Assigned task
From the records below, extract only the lines running from the line with "constraint coincident P6 A2.centre" to the line with "diameter of A15", both lines included, reproducing them exactly.

Material for this exercise

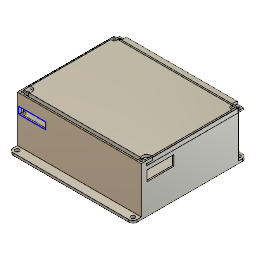
kkClave_Logic_Enclosure (Autodesk Fusion 360 design; units mm, degrees)
Autodesk Fusion 360 part; units mm, degrees
note: some values were not read from the file. Set by a fixed rule: which face or edge a step refers to.
sketch "Case_base" plane through (0, 0, 0) normal (0, 1, 0) x (1, 0, 0)
  line L0 (33, 23) -> (-33, 23)
  line L1 (-33, 23) -> (-33, -23)
  line L2 (-33, -23) -> (33, -23)
  line L3 (33, -23) -> (33, 23)
  line L4 (33, 23) -> (-33, -23) construction
  line L5 (-33, 23) -> (33, -23) construction
  line L6 (-53, 31) -> (41, 31)
  line L7 (41, 31) -> (41, -31)
  line L8 (41, -31) -> (-53, -31)
  line L9 (-53, -31) -> (-53, 31)
  line L10 (-54.7, 32.7) -> (42.7, 32.7)
  line L11 (42.7, 32.7) -> (42.7, -32.7)
  line L12 (42.7, -32.7) -> (-54.7, -32.7)
  line L13 (-54.7, -32.7) -> (-54.7, 32.7)
  line L14 (-54.7, 32.7) -> (42.7, 32.7)
  line L15 (42.7, 32.7) -> (42.7, 37.7)
  line L16 (37.7, 42.7) -> (-49.7, 42.7)
  line L17 (-54.7, 37.7) -> (-54.7, 32.7)
  line L18 (-54.7, -32.7) -> (42.7, -32.7)
  line L19 (42.7, -32.7) -> (42.7, -37.7)
  line L20 (37.7, -42.7) -> (-49.7, -42.7)
  line L21 (-54.7, -37.7) -> (-54.7, -32.7)
  line L22 (-54.7, 37.7) -> (42.7, 37.7)
  line L23 (-54.7, -37.7) -> (42.7, -37.7)
  line L24 (-49.7, 32.7) -> (-49.7, 42.7)
  line L25 (-49.7, -32.7) -> (-49.7, -42.7)
  line L26 (37.7, 32.7) -> (37.7, 42.7)
  line L27 (37.7, -32.7) -> (37.7, -42.7)
  circle A0 centre (-49.7, 37.7) radius 2.5
  circle A1 centre (37.7, 37.7) radius 2.5
  circle A2 centre (-49.7, -37.7) radius 2.5
  circle A3 centre (37.7, -37.7) radius 2.5
  arc A4 (-49.7, 42.7) -> (-54.7, 37.7) centre (-49.7, 37.7) ccw
  arc A5 (42.7, 37.7) -> (37.7, 42.7) centre (37.7, 37.7) ccw
  arc A6 (-54.7, -37.7) -> (-49.7, -42.7) centre (-49.7, -37.7) ccw
  arc A7 (37.7, -42.7) -> (42.7, -37.7) centre (37.7, -37.7) ccw
  circle A8 centre (-33, 23) radius 2.5
  circle A9 centre (33, 23) radius 2.5
  circle A10 centre (-33, -23) radius 2.5
  circle A11 centre (33, -23) radius 2.5
  circle A12 centre (-33, 23) radius 1
  circle A13 centre (33, 23) radius 1
  circle A14 centre (-33, -23) radius 1
  circle A15 centre (33, -23) radius 1
  line L28 (-53, 31) -> (-36.3492, 31) construction
  line L29 (41, 31) -> (69.1579, 31) construction
  line L30 (-53, -31) -> (-39.5464, -31) construction
  line L31 (41, -31) -> (65.2339, -31) construction
  circle A16 centre (-51.55, 29.55) radius 1.45
  circle A17 centre (-51.55, 29.55) radius 2.95
  circle A18 centre (39.55, 29.55) radius 1.45
  circle A19 centre (39.55, 29.55) radius 2.95
  circle A20 centre (-51.55, -29.55) radius 1.45
  circle A21 centre (-51.55, -29.55) radius 2.95
  circle A22 centre (39.55, -29.55) radius 1.45
  circle A23 centre (39.55, -29.55) radius 2.95
  point P0 (-33, 23)
  point P1 (33, 23)
  point P2 (33, -23)
  point P3 (-33, -23)
  point P4 (-49.7, 37.7)
  point P5 (37.7, 37.7)
  point P6 (-49.7, -37.7)
  point P7 (37.7, -37.7)
  point P8 (-53, 31)
  point P9 (41, 31)
  point P10 (-53, -31)
  point P11 (41, -31)
  dimension "d1" = 46
  dimension "d2" = 66
  dimension "d11" = 20
  dimension "d12" = 8
  dimension "d13" = 8
  dimension "d14" = 8
  dimension "d16" = 1.7
  dimension "d17" = 1.7
  dimension "d18" = 1.7
  dimension "d19" = 1.7
  dimension "d21" = 10
  dimension "d22" = 10
  dimension "d23" = 5
  dimension "d24" = 5
  dimension "d25" = 5
  dimension "d26" = 5
  dimension "d27" = 5
  dimension "d28" = 5
  dimension "d30" = 5
  dimension "d31" = 5
  dimension "d32" = 5
  dimension "d33" = 5
  dimension "d34" = 5
  dimension "d35" = 5
  dimension "d36" = 5
  dimension "d37" = 5
  dimension "d41" = 5
  dimension "d42" = 5
  dimension "d43" = 5
  dimension "d44" = 5
  dimension "d45" = 2
  dimension "d46" = 2
  dimension "d47" = 2
  dimension "d48" = 2
  dimension "d57" = 2.9
  dimension "d58" = 5.9
  dimension "d61" = 2.9
  dimension "d62" = 5.9
  dimension "d64" = 2.9
  dimension "d65" = 5.9
  dimension "d67" = 2.9
  dimension "d68" = 5.9
  dimension "d70" = 1.45
  dimension "d71" = 1.45
  dimension "d72" = 1.45
  dimension "d73" = 1.45
  dimension "d74" = 1.45
  dimension "d75" = 1.45
  dimension "d76" = 1.45
  dimension "d77" = 1.45
  constraint perpendicular L0 L1
  constraint parallel L0 L2
  constraint parallel L1 L3
  constraint horizontal L0
  constraint coincident L4 origin
  constraint coincident L5 origin
  constraint horizontal L6
  constraint perpendicular L6 L7
  constraint perpendicular L7 L8
  constraint perpendicular L6 L9
  constraint coincident P0 L0.end
  constraint coincident L0.start L3.end
  constraint coincident P2 L2.end
  constraint coincident L1.end L2.start
  constraint horizontal L10
  constraint perpendicular L10 L11
  constraint perpendicular L11 L12
  constraint perpendicular L10 L13
  constraint perpendicular L14 L15
  constraint parallel L14 L16
  constraint parallel L15 L17
  constraint perpendicular L18 L19
  constraint parallel L18 L20
  constraint parallel L19 L21
  constraint coincident L17 L22.start
  constraint perpendicular L17 L22
  constraint coincident L15 L22.end
  constraint coincident L21 L23.start
  constraint perpendicular L21 L23
  constraint coincident L19 L23.end
  constraint coincident L10 L24.start
  constraint perpendicular L10 L24
  constraint coincident L16 L24.end
  constraint coincident L18 L25.start
  constraint coincident L20 L25.end
  constraint perpendicular L20 L25
  constraint coincident L14 L26.start
  constraint perpendicular L14 L26
  constraint coincident L16 L26.end
  constraint coincident L18 L27.start
  constraint coincident L20 L27.end
  constraint perpendicular L20 L27
  constraint midpoint L24 P4
  constraint midpoint L26 P5
  constraint midpoint L25 P6
  constraint midpoint L27 P7
  constraint coincident P4 A0.centre
  constraint coincident P5 A1.centre
  constraint coincident P6 A2.centre
  constraint coincident P7 A3.centre
  constraint tangent L16 A4
  constraint tangent L17 A4
  constraint tangent L15 A5
  constraint tangent L16 A5
  constraint tangent L20 A6
  constraint tangent L21 A6
  constraint tangent L19 A7
  constraint tangent L20 A7
  constraint coincident P1 L0.start
  constraint coincident P3 L1.end
  constraint coincident P8 L6.start
  constraint coincident P9 L6.end
  constraint coincident L8.end L9.start
  constraint coincident P11 L7.end
  constraint horizontal L28
  constraint horizontal L29
  constraint coincident P10 L8.end
  constraint horizontal L30
  constraint horizontal L31
  constraint concentric A16 A17
  constraint concentric A18 A19
  constraint concentric A20 A21
  constraint concentric A22 A23
  measures "d1" distance of P0 L1.end
  measures "d2" distance of L1.end P2
  measures "d11" distance of L1 L9
  measures "d12" distance of L0 L6
  measures "d13" distance of L3 L7
  measures "d14" distance of L2 L8
  measures "d16" distance of L9 L13
  measures "d17" distance of L6 L10
  measures "d18" distance of L7 L11
  measures "d19" distance of L8 L12
  measures "d21" distance of L14 L16
  measures "d22" distance of L12 L20
  measures "d23" distance of L10 L22
  measures "d24" distance of L12 L23
  measures "d25" distance of L17 L24
  measures "d26" distance of L15 L26
  measures "d27" distance of L21 L25
  measures "d28" distance of L19 L27
  measures "d30" diameter of A0
  measures "d31" diameter of A1
  measures "d32" diameter of A2
  measures "d33" diameter of A3
  measures "d34" radius of A4
  measures "d35" radius of A5
  measures "d36" radius of A6
  measures "d37" radius of A7
  measures "d41" diameter of A8
  measures "d42" diameter of A9
  measures "d43" diameter of A10
  measures "d44" diameter of A11
  measures "d45" diameter of A12
  measures "d46" diameter of A13
  measures "d47" diameter of A14
  measures "d48" diameter of A15
  measures "d57" diameter of A16
  measures "d58" diameter of A17
  measures "d61" diameter of A18
  measures "d62" diameter of A19
  measures "d64" diameter of A20
  measures "d65" diameter of A21
  measures "d67" diameter of A22
  measures "d68" diameter of A23
  measures "d70" distance of L7 A18.centre
  measures "d71" distance of L6 A18.centre
  measures "d72" distance of L6 A16.centre
  measures "d73" distance of L9 A16.centre
  measures "d74" distance of L9 A20.centre
  measures "d75" distance of L8 A20.centre
  measures "d76" distance of L8 A22.centre
  measures "d77" distance of L7 A22.centre
extrude "Extrude1" add sketch "Case_base" against normal blind 3 contours L0 L1 A8 A12 | L0 L1 A8 A12 | L0 L1 L2 L3 A8 A9 A10 A11 | L0 L1 A12 | L0 L1 A12 | L0 L3 A9 A13 | L0 L3 A9 A13 | L0 L3 A13 | L0 L3 A13 | L1 L2 A10 A14 | L1 L2 A10 A14 | L2 L3 A11 A15 | L2 L3 A11 A15 | L1 L2 A14 | L1 L2 A14 | L2 L3 A15 | L2 L3 A15 | L6 L9 A17 | L6 L9 A16 | L6 L9 A16 A17 | A16 | L6 L7 L8 L9 A17 A19 A21 A23 | L6 L7 A19 | L6 L7 A18 A19 | L8 L9 A20 A21 | L8 L9 A21 | L6 L7 A18 | A18 | L8 L9 A20 | A20 | L7 L8 A23 | L7 L8 A22 A23 | A22 | L7 L8 A22 | L10 L14 L17 L22 L24 A0 | L10 L11 L12 L13 L14 L18 | L10 L14 L22 L24 L26 A0 A1 | L12 L18 L21 L23 L25 A2 | L22 L24 A0 A4 | L10 L14 L15 L22 L26 A1 | L12 L18 L23 L25 L27 A2 A3 | L23 L25 A2 A6 | L16 L22 L24 L26 A0 A1 | L12 L18 L19 L23 L27 A3 | L20 L23 L25 L27 A2 A3 | L22 L26 A1 A5 | L23 L27 A3 A7 makes body 1
extrude "Extrude2" cut sketch "Case_base" against normal through all contours L0 L1 A12 | L0 L1 A12 | L0 L3 A13 | L0 L3 A13 | L1 L2 A14 | L1 L2 A14 | L2 L3 A15 | L2 L3 A15 | A16 | A18 | A20 | A22 bodies 1
extrude "Extrude3" add sketch "Case_base" along normal blind 50 contours L6 L9 A17 | L6 L9 A16 | L6 L9 A16 A17 | L6 L7 A19 | L6 L7 A18 A19 | L8 L9 A20 A21 | L8 L9 A21 | L6 L7 A18 | L8 L9 A20 | L7 L8 A23 | L7 L8 A22 A23 | L7 L8 A22 | L10 L11 L12 L13 L14 L18 bodies 1
sketch "Cable_coutouts" plane through (-54.7, 0, 0) normal (-1, 0, 0) x (0, 0, 1)
  line L0 (-32.7, 0) -> (-37.7, 0)
  line L1 (-37.7, 0) -> (-37.7, -3)
  line L2 (-37.7, -3) -> (37.7, -3)
  line L3 (37.7, -3) -> (37.7, 0)
  line L4 (37.7, 0) -> (32.7, 0)
  line L5 (32.7, 0) -> (32.7, 50)
  line L6 (32.7, 50) -> (-32.7, 50)
  line L7 (-32.7, 50) -> (-32.7, 0)
  line L8 (0, 59) -> (0, -14)
  line L9 (-15, 3.5) -> (15, 3.5)
  arc A0 (15, 3.5) -> (15, 6.5) centre (15, 5) ccw
  line L10 (15, 6.5) -> (-15, 6.5)
  arc A1 (-15, 6.5) -> (-15, 3.5) centre (-15, 5) ccw
  line L11 (-15, 5) -> (15, 5) construction
  point P0 (-15, 5)
  point P1 (15, 5)
  point P2 (-42, 12)
  dimension "d83" = 30
  dimension "d84" = 3
  constraint vertical L8
  constraint tangent L9 A0
  constraint tangent A0 L10
  constraint parallel L9 L10
  constraint tangent L10 A1
  constraint tangent L9 A1
  constraint coincident P1 A0.centre
  constraint horizontal L11
  constraint coincident P0 A1.centre
  measures "d83" horizontal distance of P0 P1
  measures "d84" diameter of A0
extrude "Extrude4" cut sketch "Cable_coutouts" against normal blind 5 contours L8 L9 A0 L10 | L8 L9 L10 A1 bodies 1
extrude "Extrude5" add sketch "Case_base" along normal blind 3 contours L0 L1 A8 A12 | L0 L1 A8 A12 | L0 L3 A9 A13 | L0 L3 A9 A13 | L1 L2 A10 A14 | L1 L2 A10 A14 | L2 L3 A11 A15 | L2 L3 A11 A15 bodies 1
chamfer "Chamfer1" distance 0.9 angle 45 4 edges at (-35.3308, 0, 22.096) (-35.3308, 0, -23.904) (30.6692, 0, -23.904) (30.6692, 0, 22.096) on bodies 1
sketch "Lid_base" plane through (0, 50, 0) normal (0, 1, 0) x (-1, 0, 0)
  circle A0 centre (-39.55, -29.55) radius 1.45
  circle A1 centre (51.55, -29.55) radius 1.45
  circle A2 centre (51.55, 29.55) radius 1.45
  circle A3 centre (-39.55, 29.55) radius 1.45
  arc A4 (-36.981, -31) -> (-41, -26.981) centre (-39.55, -29.55) ccw
  line L0 (-41, -26.981) -> (-41, 26.981)
  arc A5 (-41, 26.981) -> (-36.981, 31) centre (-39.55, 29.55) ccw
  line L1 (-36.981, 31) -> (48.981, 31)
  arc A6 (48.981, 31) -> (53, 26.981) centre (51.55, 29.55) ccw
  line L2 (53, 26.981) -> (53, -26.981)
  arc A7 (53, -26.981) -> (48.981, -31) centre (51.55, -29.55) ccw
  line L3 (48.981, -31) -> (-36.981, -31)
  line L4 (54.7, -32.7) -> (54.7, 32.7)
  line L5 (54.7, 32.7) -> (-42.7, 32.7)
  line L6 (-42.7, 32.7) -> (-42.7, -32.7)
  line L7 (-42.7, -32.7) -> (54.7, -32.7)
  arc A8 (52.6, -26.3688) -> (48.3688, -30.6) centre (51.55, -29.55) ccw
  line L8 (48.3688, -30.6) -> (-36.3688, -30.6)
  arc A9 (-36.3688, -30.6) -> (-40.6, -26.3688) centre (-39.55, -29.55) ccw
  line L9 (-40.6, -26.3688) -> (-40.6, 26.3688)
  arc A10 (-40.6, 26.3688) -> (-36.3688, 30.6) centre (-39.55, 29.55) ccw
  line L10 (-36.3688, 30.6) -> (48.3688, 30.6)
  arc A11 (48.3688, 30.6) -> (52.6, 26.3688) centre (51.55, 29.55) ccw
  line L11 (52.6, 26.3688) -> (52.6, -26.3688)
  arc A12 (50.6, -24.285) -> (46.285, -28.6) centre (51.55, -29.55) ccw
  line L12 (46.285, -28.6) -> (-34.285, -28.6)
  arc A13 (-34.285, -28.6) -> (-38.6, -24.285) centre (-39.55, -29.55) ccw
  line L13 (-38.6, -24.285) -> (-38.6, 24.285)
  arc A14 (-38.6, 24.285) -> (-34.285, 28.6) centre (-39.55, 29.55) ccw
  line L14 (-34.285, 28.6) -> (46.285, 28.6)
  arc A15 (46.285, 28.6) -> (50.6, 24.285) centre (51.55, 29.55) ccw
  line L15 (50.6, 24.285) -> (50.6, -24.285)
  dimension "d104" = 0.4
  dimension "d105" = 2.4
extrude "Extrude7" add sketch "Lid_base" along normal blind 5 separate body contours A4 L0 A5 L1 A6 L2 A7 L3 | L4 L5 L6 L7 | A8 L8 A9 L9 A10 L10 A11 L11 | A12 L12 A13 L13 A14 L14 A15 L15 makes body 2
sketch "Lid_screw_counterbore" plane through (0, 55, 0) normal (0, 1, 0) x (-1, 0, 0)
  circle A0 centre (51.55, -29.55) radius 1.45
  circle A1 centre (51.55, 29.55) radius 1.45
  circle A2 centre (-39.55, -29.55) radius 1.45
  circle A3 centre (-39.55, 29.55) radius 1.45
  line L0 (-42.7, -32.7) -> (54.7, -32.7)
  line L1 (54.7, -32.7) -> (54.7, 32.7)
  line L2 (54.7, 32.7) -> (-42.7, 32.7)
  line L3 (-42.7, 32.7) -> (-42.7, -32.7)
hole "Hole1" at (-51.55, 55, 29.55) at (-51.55, 55, -29.55) at (39.55, 55, -29.55) at (39.55, 55, 29.55) direction (0, -1, 0) diameter 5.4 depth 3 tip angle 180 counterbore diameter 10 counterbore depth 3 bodies 2
extrude "Extrude8" add sketch "Lid_base" against normal blind 3 contours A8 L8 A9 L9 A10 L10 A11 L11 bodies 2
ref_plane "WorkPlane1" through (0, 0, 0) normal (1, 0, 0) x (0, 1, 0)
split "Split1" by plane through (0, 0, 0) normal (1, 0, 0) bodies 1 makes body 3 at (10.7037, -3, -7.5139)
move_body "Move1" bodies 3 to x (1, 0, 0) y (0, 1, 0) z (0, 0, 1) at (50, 0, 0)
extrude "Extrude9" add 1 faces at (50, -2, -10.3333) along direction (-1, 0, 0) blind 50 on bodies 3 bodies 3 1
split "Split2" by plane through (0, 0, 0) normal (1, 0, 0) bodies 2 makes body 4 at (12.0048, 55, 8.6715)
move_body "Move2" bodies 4 to x (1, 0, 0) y (0, 1, 0) z (0, 0, 1) at (50, 0, 0)
extrude "Extrude10" add 1 faces at (50, 53.3333, 9.5333) along direction (-1, 0, 0) blind 50 on bodies 4 bodies 4 2
ref_plane "WorkPlane2" through (0, 0, 0) normal (0, 0, 1) x (1, 0, 0)
split "Split3" by plane through (0, 0, 0) normal (0, 0, 1) bodies 3 makes body 5 at (12.6667, 33.3333, 32.7)
move_body "Move3" bodies 5 to x (1, 0, 0) y (0, 1, 0) z (0, 0, 1) at (0, 0, 50)
extrude "Extrude11" add 2 faces at (12.6667, -1, 50) (-54.1333, 35.5, 50) along direction (0, 0, -1) blind 50 on bodies 5 bodies 5 3
split "Split4" by plane through (0, 0, 0) normal (0, 0, 1) bodies 4 makes body 6 at (41.0477, 55, 9.0627)
move_body "Move4" bodies 6 to x (1, 0, 0) y (0, 1, 0) z (0, 0, 1) at (0, 0, 50)
extrude "Extrude12" add 1 faces at (-4.2, 53.3333, 50) along direction (0, 0, -1) blind 50 on bodies 6 bodies 6 4
extrude "Extrude13" add 1 faces at (-53.5667, 3.5, 11.6667) along direction (0, 1, 0) blind 3 on bodies 5 bodies 5
extrude "Extrude14" add 1 faces at (-54.1333, 4.5, 65) along direction (0, 0, 1) blind 5 on bodies 5 bodies 5
extrude "Extrude15" add 1 faces at (-54.1333, 4.5, -15) along direction (0, 0, -1) blind 2 on bodies 5 bodies 5
extrude "Extrude16" add 1 faces at (41.6603, 50, 82.1333) along direction (0, 1, 0) blind 5 on bodies 5 bodies 5
move_body "Move5" bodies 5 to x (1, 0, 0) y (0, 1, 0) z (0, 0, 1) at (-0.3521, 0, 5.9897)
move_face "MoveFace1" to x (1, 0, 0) y (0, 1, 0) z (0, 0, 1) at (-6, 0, 0) 5 faces at (-35.1995, 3, 78.2378) (-35.7013, 2.3, 78.1346) (-35.2849, 0.3, 76.566) (-34.3322, -2, 78.7915) (-34.3322, 2, 78.7915) on bodies 5
move_face "MoveFace2" to x (1, 0, 0) y (0, 1, 0) z (0, 0, 1) at (-4, 0, 0) 5 faces at (-35.2849, 0.3, -19.434) (-32.4643, 3, -15.2242) (-34.1492, -1, -16.4065) (-34.1492, 1, -16.4065) (-30.8645, 1.6, -16.7614) on bodies 5
move_face "MoveFace3" to x (1, 0, 0) y (0, 1, 0) z (0, 0, 1) at (0, 0, 48) 20 faces at (-36.0488, 3, -18.3425) (-35.5145, 3, -17.0103) (-35.5084, 1.6, -18.6988) (-35.1253, 2.3, -18.1468) (-35.0786, 1.6, -15.9704) (-38.3493, -2, -17.0851) (-36.3548, 0.1318, -17.0838) (-36.6154, 0.8448, -16.3341) (-36.3542, 0.1325, -16.9445) (-36.3533, 2.6, -16.9605) (-40.4521, 0.3, -17.0103) (-34.4467, 0.3, -18.0915) (-34.4467, 0.3, -15.9292) (-34.0771, 0.1209, -16.8463) (-34.0808, 0.1254, -17.1574) (80.7151, 0.3, -19.434) (85.1355, 2.3, -17.2593) (84.6386, 3, -17.1345) (81.9497, -1, -16.2945) (81.9497, 1, -16.2945) on bodies 5
move_face "MoveFace4" to x (1, 0, 0) y (0, 1, 0) z (0, 0, 1) at (-45, 0, 0) 5 faces at (80.8005, 3, 78.2378) (80.2987, 2.3, 78.1346) (79.6857, 0.3, 79.9034) (81.6678, -2, 78.7915) (81.6678, 2, 78.7915) on bodies 5
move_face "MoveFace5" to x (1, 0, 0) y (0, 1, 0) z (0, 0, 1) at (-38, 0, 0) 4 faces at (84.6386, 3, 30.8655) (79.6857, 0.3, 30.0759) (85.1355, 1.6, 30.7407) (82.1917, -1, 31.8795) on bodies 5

Your solution
  constraint coincident P6 A2.centre
  constraint coincident P7 A3.centre
  constraint tangent L16 A4
  constraint tangent L17 A4
  constraint tangent L15 A5
  constraint tangent L16 A5
  constraint tangent L20 A6
  constraint tangent L21 A6
  constraint tangent L19 A7
  constraint tangent L20 A7
  constraint coincident P1 L0.start
  constraint coincident P3 L1.end
  constraint coincident P8 L6.start
  constraint coincident P9 L6.end
  constraint coincident L8.end L9.start
  constraint coincident P11 L7.end
  constraint horizontal L28
  constraint horizontal L29
  constraint coincident P10 L8.end
  constraint horizontal L30
  constraint horizontal L31
  constraint concentric A16 A17
  constraint concentric A18 A19
  constraint concentric A20 A21
  constraint concentric A22 A23
  measures "d1" distance of P0 L1.end
  measures "d2" distance of L1.end P2
  measures "d11" distance of L1 L9
  measures "d12" distance of L0 L6
  measures "d13" distance of L3 L7
  measures "d14" distance of L2 L8
  measures "d16" distance of L9 L13
  measures "d17" distance of L6 L10
  measures "d18" distance of L7 L11
  measures "d19" distance of L8 L12
  measures "d21" distance of L14 L16
  measures "d22" distance of L12 L20
  measures "d23" distance of L10 L22
  measures "d24" distance of L12 L23
  measures "d25" distance of L17 L24
  measures "d26" distance of L15 L26
  measures "d27" distance of L21 L25
  measures "d28" distance of L19 L27
  measures "d30" diameter of A0
  measures "d31" diameter of A1
  measures "d32" diameter of A2
  measures "d33" diameter of A3
  measures "d34" radius of A4
  measures "d35" radius of A5
  measures "d36" radius of A6
  measures "d37" radius of A7
  measures "d41" diameter of A8
  measures "d42" diameter of A9
  measures "d43" diameter of A10
  measures "d44" diameter of A11
  measures "d45" diameter of A12
  measures "d46" diameter of A13
  measures "d47" diameter of A14
  measures "d48" diameter of A15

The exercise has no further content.